乳がん後のケアにベンチャーの技

乳がん手術後のケア普及にベンチャー企業が注力している。ブレストケア京都(京都市)は2019年4月にも手術後の患者が使うオーダーメードの人工乳房の制作拠点を東京と横浜に開設する。海外で受注を強化する企業も出てきた。乳がんは術後に乳房の再建手術もできるが体力面の負担があり、こうした製品が広まれば生活の質(QOL)向上の新たな選択肢にもなりそうだ。

ブレストケア京都は人工乳房の制作を京都市内の工房で手掛けてきたが、全国から乳がん患者の要望が多かったため首都圏にも広げる。技術者や営業担当を合計25人程度置く計画。開設に先立ち10月に女性限定で技術者の養成学校を開く。

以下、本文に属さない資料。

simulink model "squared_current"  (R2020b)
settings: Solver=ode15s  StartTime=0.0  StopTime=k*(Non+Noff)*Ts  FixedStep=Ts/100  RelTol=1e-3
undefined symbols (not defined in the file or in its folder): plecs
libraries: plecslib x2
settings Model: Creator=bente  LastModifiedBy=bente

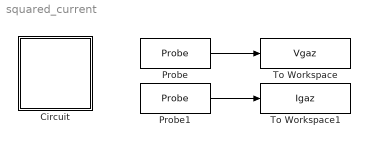
== system squared_current ==
  Circuit : Subsystem  LoadFcn=plecs('sl', 200);  InitFcn=plecs('sl', 214);  StartFcn=plecs('sl', 208);  StopFcn=plecs('sl', 209);  mask(PlecsCircuit){PLECSData=<binary blob, 4532 chars, not shown>}
      mask prompts: PLECSData "PLECS Data (Do not delete or modify!)"
      mask init:
      | % PLACE CUSTOM INITIALIZATIONS ABOVE
      | % DO NOT REMOVE
      | plecs('sl', 215);
      | % DO NOT REMOVE
      settings: CopyFcn=plecs('sl', 203);  DeleteFcn=plecs('sl', 205);  UndoDeleteFcn=plecs('sl', 206);  PreSaveFcn=plecs('sl', 211);  PostSaveFcn=plecs('sl', 201);  NameChangeFcn=plecs('sl', 210);  DestroyFcn=plecs('sl', 207);  PreCopyFcn=plecs('sl', 216);  OpenFcn=plecs('sl', 202);  ErrorFcn=plerrorfcn
      mask Help: web(['file:///' fullfile(plecsdoc, 'creatingacircuit.html')])
      mask Display: disp('PLECS\nCircuit')
  Probe : plecslib/Probe  tagno=1
      settings: SourceProductName=PLECS
  Probe1 : plecslib/Probe  tagno=2
      settings: SourceProductName=PLECS
  To Workspace : ToWorkspace  VariableName=Vgaz  SaveFormat=Timeseries  SampleTime=-1
  To Workspace1 : ToWorkspace  VariableName=Igaz  SaveFormat=Timeseries  SampleTime=-1
  wires:
  Probe/1 -> To Workspace/1
  Probe1/1 -> To Workspace1/1

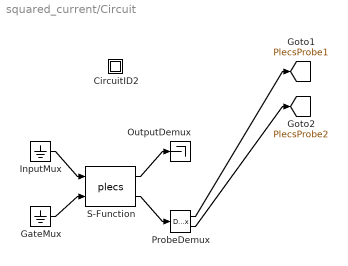
== system squared_current/Circuit ==
  " CircuitID2 " : Subsystem
  " GateMux " : Ground
  " InputMux " : Ground
  " OutputDemux " : Terminator
  " ProbeDemux " : Demux  Outputs=[ 1 1 ]
  " S-Function " : S-Function  FunctionName=plecs  SFunctionDeploymentMode=off  EnableBusSupport=off
  tag scope: PlecsProbe1=global, PlecsProbe2=global
  wires:
  " InputMux "/1 -> " S-Function "/1
  " GateMux "/1 -> " S-Function "/2
  " S-Function "/1 -> " OutputDemux "/1
  " S-Function "/2 -> " ProbeDemux "/1
  " ProbeDemux "/1 -> [PlecsProbe1]
  " ProbeDemux "/2 -> [PlecsProbe2]

== system squared_current/Circuit/ CircuitID2  ==

同社の製品は医療用シリコン製の装着型で、海に入るときなどに圧力に耐えられるように「自分で空気を調整できる独自の仕組みが特徴だ」(林かおり社長)。学校ではかたどりや色づけを教える。ジェルと空気で調節するタイプは1個税別45万円からで、温泉やスポーツ時でも使える。

乳房再建の手術には長期間の入院が必要で、働き盛りの女性にとっては精神的にも負担に感じることがある。装着型の人工乳房を使う40歳代の女性は「社員旅行で傷痕を見ると同僚が驚いて気を遣ってしまう。自分がくつろぐためにも欲しいと思った」と話す。別の40歳代女性は「婚活をまだ諦めたくないと思った」と購入の理由を話す。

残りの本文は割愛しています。